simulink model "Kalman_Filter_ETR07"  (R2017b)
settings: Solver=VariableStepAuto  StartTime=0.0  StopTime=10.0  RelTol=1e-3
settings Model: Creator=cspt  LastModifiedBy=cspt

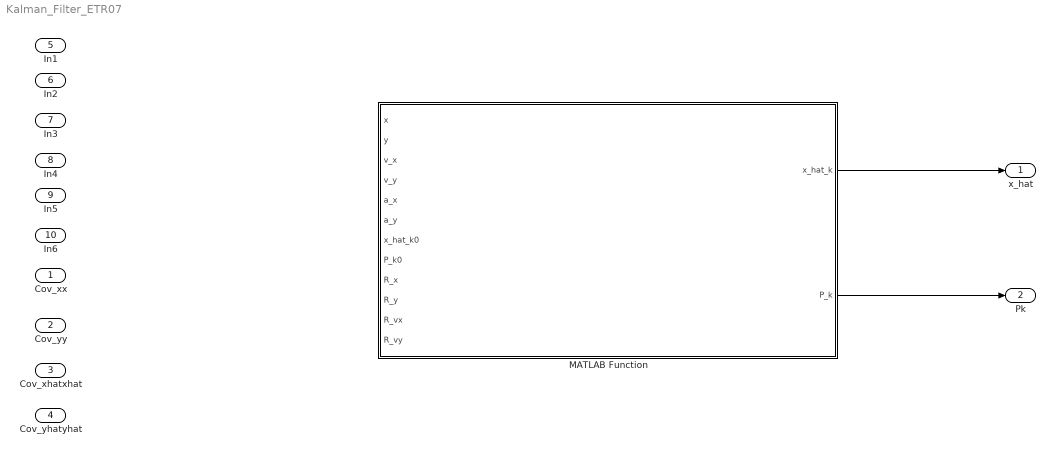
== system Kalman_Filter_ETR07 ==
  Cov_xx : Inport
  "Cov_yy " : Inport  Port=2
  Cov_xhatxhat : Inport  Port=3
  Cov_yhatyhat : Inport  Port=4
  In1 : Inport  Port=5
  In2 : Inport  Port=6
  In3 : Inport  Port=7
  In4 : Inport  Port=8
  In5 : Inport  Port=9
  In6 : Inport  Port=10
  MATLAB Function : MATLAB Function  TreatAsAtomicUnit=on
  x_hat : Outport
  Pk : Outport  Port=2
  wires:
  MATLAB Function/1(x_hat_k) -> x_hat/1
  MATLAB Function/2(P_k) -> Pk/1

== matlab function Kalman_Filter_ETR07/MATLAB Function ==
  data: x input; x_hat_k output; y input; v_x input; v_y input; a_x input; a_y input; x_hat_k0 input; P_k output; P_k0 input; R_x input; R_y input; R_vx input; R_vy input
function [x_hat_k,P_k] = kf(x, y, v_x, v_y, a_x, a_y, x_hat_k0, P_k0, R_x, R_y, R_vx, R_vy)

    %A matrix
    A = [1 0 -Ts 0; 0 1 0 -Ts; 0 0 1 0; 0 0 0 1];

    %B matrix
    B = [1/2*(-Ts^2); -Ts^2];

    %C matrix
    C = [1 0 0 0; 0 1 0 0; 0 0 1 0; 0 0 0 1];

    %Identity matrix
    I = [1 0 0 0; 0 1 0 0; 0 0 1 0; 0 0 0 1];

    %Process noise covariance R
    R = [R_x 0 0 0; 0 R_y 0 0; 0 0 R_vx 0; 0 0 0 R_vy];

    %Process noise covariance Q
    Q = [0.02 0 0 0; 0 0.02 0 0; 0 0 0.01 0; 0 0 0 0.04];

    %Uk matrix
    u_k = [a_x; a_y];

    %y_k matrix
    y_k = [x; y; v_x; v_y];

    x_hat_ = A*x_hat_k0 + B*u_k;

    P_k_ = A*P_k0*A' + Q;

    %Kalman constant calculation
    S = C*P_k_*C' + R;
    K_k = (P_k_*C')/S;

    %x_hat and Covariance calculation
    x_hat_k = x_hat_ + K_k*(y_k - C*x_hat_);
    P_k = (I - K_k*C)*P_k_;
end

▬▬▬▬▬▬▬▬▬▬

▸ What is expected:
The whole listing, pictures excluded, should be output exactly.

▸ Answer to the problem:
simulink model "Kalman_Filter_ETR07"  (R2017b)
settings: Solver=VariableStepAuto  StartTime=0.0  StopTime=10.0  RelTol=1e-3
settings Model: Creator=cspt  LastModifiedBy=cspt

== system Kalman_Filter_ETR07 ==
  Cov_xx : Inport
  "Cov_yy " : Inport  Port=2
  Cov_xhatxhat : Inport  Port=3
  Cov_yhatyhat : Inport  Port=4
  In1 : Inport  Port=5
  In2 : Inport  Port=6
  In3 : Inport  Port=7
  In4 : Inport  Port=8
  In5 : Inport  Port=9
  In6 : Inport  Port=10
  MATLAB Function : MATLAB Function  TreatAsAtomicUnit=on
  x_hat : Outport
  Pk : Outport  Port=2
  wires:
  MATLAB Function/1(x_hat_k) -> x_hat/1
  MATLAB Function/2(P_k) -> Pk/1

== matlab function Kalman_Filter_ETR07/MATLAB Function ==
  data: x input; x_hat_k output; y input; v_x input; v_y input; a_x input; a_y input; x_hat_k0 input; P_k output; P_k0 input; R_x input; R_y input; R_vx input; R_vy input
function [x_hat_k,P_k] = kf(x, y, v_x, v_y, a_x, a_y, x_hat_k0, P_k0, R_x, R_y, R_vx, R_vy)

    %A matrix
    A = [1 0 -Ts 0; 0 1 0 -Ts; 0 0 1 0; 0 0 0 1];

    %B matrix
    B = [1/2*(-Ts^2); -Ts^2];

    %C matrix
    C = [1 0 0 0; 0 1 0 0; 0 0 1 0; 0 0 0 1];

    %Identity matrix
    I = [1 0 0 0; 0 1 0 0; 0 0 1 0; 0 0 0 1];

    %Process noise covariance R
    R = [R_x 0 0 0; 0 R_y 0 0; 0 0 R_vx 0; 0 0 0 R_vy];

    %Process noise covariance Q
    Q = [0.02 0 0 0; 0 0.02 0 0; 0 0 0.01 0; 0 0 0 0.04];

    %Uk matrix
    u_k = [a_x; a_y];

    %y_k matrix
    y_k = [x; y; v_x; v_y];

    x_hat_ = A*x_hat_k0 + B*u_k;

    P_k_ = A*P_k0*A' + Q;

    %Kalman constant calculation
    S = C*P_k_*C' + R;
    K_k = (P_k_*C')/S;

    %x_hat and Covariance calculation
    x_hat_k = x_hat_ + K_k*(y_k - C*x_hat_);
    P_k = (I - K_k*C)*P_k_;
end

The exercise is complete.